Josephine Caravello runs the bakery with her brothers

Perched on a sleepy corner of Carroll Gardens in Brooklyn is a teeny Italian bakery. It’s an unassuming storefront – the outside reads simple and old-fashioned – but peer through the windows to examine bread-filled baskets balanced on shelves, curly croissants and sprinkle-flecked cookies. Push open the door and you’ll be greeted with a wonderfully potent gust of flour and yeast spiraling out of the kitchen. Children dash around the small shop, their hands clenched around Italian cookies. Regulars waltz in for a paper cup brimming with dark coffee and head out clasping a loaf of golden-brown bread.
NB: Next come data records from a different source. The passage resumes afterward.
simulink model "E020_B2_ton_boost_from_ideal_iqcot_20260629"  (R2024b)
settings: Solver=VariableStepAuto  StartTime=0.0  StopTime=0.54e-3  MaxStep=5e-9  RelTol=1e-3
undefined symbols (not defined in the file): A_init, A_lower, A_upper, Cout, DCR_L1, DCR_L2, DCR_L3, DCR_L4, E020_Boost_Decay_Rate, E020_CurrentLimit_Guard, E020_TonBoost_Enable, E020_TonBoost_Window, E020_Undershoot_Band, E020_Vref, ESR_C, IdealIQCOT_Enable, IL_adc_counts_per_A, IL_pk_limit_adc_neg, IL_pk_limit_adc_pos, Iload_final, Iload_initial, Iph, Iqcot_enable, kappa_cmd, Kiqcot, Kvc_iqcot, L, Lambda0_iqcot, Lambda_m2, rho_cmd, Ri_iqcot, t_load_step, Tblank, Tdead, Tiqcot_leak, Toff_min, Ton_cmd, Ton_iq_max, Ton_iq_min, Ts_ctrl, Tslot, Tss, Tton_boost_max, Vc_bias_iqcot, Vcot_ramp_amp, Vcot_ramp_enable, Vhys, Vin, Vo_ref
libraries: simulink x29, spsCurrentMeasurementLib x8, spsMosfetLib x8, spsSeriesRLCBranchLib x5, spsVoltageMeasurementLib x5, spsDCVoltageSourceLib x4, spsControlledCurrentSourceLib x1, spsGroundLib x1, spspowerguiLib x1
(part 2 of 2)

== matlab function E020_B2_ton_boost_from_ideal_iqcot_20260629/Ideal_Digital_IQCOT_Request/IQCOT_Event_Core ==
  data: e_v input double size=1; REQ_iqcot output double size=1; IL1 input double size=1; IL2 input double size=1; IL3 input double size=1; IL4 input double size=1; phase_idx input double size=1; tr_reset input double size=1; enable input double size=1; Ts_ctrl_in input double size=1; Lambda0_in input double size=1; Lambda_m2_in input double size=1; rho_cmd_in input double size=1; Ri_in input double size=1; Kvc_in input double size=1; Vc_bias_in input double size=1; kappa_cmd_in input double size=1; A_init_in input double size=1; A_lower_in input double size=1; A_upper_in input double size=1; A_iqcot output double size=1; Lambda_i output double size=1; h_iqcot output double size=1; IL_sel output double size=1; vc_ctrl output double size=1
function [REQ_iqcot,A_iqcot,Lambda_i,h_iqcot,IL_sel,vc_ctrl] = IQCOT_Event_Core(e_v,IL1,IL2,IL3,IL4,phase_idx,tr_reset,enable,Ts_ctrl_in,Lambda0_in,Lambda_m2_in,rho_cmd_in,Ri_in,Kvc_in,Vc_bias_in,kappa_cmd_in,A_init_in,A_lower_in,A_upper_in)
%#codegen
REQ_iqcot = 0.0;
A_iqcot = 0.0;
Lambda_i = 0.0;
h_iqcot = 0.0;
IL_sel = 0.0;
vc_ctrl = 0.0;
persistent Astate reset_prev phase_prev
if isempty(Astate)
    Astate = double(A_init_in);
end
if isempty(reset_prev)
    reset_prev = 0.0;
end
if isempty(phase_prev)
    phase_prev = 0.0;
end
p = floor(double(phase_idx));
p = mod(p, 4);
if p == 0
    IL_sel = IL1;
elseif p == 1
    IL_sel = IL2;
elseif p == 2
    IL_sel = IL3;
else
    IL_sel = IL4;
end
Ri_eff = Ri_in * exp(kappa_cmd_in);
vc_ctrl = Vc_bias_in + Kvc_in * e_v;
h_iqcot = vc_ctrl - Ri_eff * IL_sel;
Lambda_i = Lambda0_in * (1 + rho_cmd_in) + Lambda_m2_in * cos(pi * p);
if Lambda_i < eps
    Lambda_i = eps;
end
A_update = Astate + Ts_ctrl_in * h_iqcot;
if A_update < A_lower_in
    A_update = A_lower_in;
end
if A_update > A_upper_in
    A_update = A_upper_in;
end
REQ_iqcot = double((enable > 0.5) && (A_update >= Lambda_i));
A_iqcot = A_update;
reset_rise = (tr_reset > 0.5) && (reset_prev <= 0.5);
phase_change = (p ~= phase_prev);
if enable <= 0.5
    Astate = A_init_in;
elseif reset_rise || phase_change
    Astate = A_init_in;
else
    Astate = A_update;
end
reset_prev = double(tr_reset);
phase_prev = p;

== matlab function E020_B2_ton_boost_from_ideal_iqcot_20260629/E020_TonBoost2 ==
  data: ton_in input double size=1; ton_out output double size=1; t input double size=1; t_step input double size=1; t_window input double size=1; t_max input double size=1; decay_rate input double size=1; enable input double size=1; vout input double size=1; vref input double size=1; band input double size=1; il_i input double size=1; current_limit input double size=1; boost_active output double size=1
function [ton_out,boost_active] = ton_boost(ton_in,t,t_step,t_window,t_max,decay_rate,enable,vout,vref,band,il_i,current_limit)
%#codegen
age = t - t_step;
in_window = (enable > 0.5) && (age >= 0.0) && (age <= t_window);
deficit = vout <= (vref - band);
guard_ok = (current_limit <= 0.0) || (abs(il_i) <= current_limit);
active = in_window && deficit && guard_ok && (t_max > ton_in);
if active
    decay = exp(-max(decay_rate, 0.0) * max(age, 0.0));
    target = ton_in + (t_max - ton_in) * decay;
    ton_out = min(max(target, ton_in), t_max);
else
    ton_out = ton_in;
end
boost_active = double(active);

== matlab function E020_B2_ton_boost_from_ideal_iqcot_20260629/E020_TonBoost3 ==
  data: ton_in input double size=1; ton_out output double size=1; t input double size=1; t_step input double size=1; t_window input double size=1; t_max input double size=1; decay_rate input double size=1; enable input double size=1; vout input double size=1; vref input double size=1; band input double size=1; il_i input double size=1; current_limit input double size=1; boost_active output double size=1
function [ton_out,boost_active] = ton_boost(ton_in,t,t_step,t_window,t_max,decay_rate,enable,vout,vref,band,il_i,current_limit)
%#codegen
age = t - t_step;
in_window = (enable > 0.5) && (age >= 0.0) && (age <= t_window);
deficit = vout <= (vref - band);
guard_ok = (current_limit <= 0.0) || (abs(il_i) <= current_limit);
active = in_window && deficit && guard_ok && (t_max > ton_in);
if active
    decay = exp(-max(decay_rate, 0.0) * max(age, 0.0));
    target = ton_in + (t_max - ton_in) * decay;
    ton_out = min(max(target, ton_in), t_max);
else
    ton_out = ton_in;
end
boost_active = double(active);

This is Mazzola Bakery. Founded in 1928 by Italian immigrant Nicolo Mazzola, the bakery solely served traditional, rustic Italian bread and a couple of cookies. Mazzola’s children took over, expanding both the store and the menu, but they retired in 1980. No one in the Mazzola family wanted to take over the business, so the father of Josephine Caravello – the current owner – purchased the bakery, updating the offerings and modernizing the digs to keep up with the neighborhood’s perpetual changes.

The bakery’s beloved lard bread is filled with salami, provolone cheese and black pepper

Josephine Caravello spent much of her childhood in the bakery, acting as a sales girl and taking on other roles from a young age. “It’s a hard business, but it’s rewarding, especially since it’s been here so long,” she says. “But I grew up here.”

Along with butter cookies, plump muffins and array of crackly breads, Mazzola Bakery is best known for its lard bread. This bread recipe comes from Palermo in Sicily – where the original Mazzola was born – and was historically baked by poor Italians as a way to save food from being wasted. “Whatever meat they had leftover, they used to mix with the bread and make a meal out of it,” Caravello explains.

Peer through the bakery’s window to view stacks of bread

In Mazzola’s version, crusty wands of bread are streaked with bits of salami, provolone cheese, lard and black pepper. Since opening, the recipe has never changed. It has remained the bakery’s best-selling item.

Despite not being part of the original Mazzola family, Caravello still feels an innate, intimate connection to the bakery, fueled by the fact that she gets to work with her loved ones every day.

“Family keeps everything tight and close. That’s why we’re happy and successful,” Caravello says. “It’s not this big franchise. It’s family.”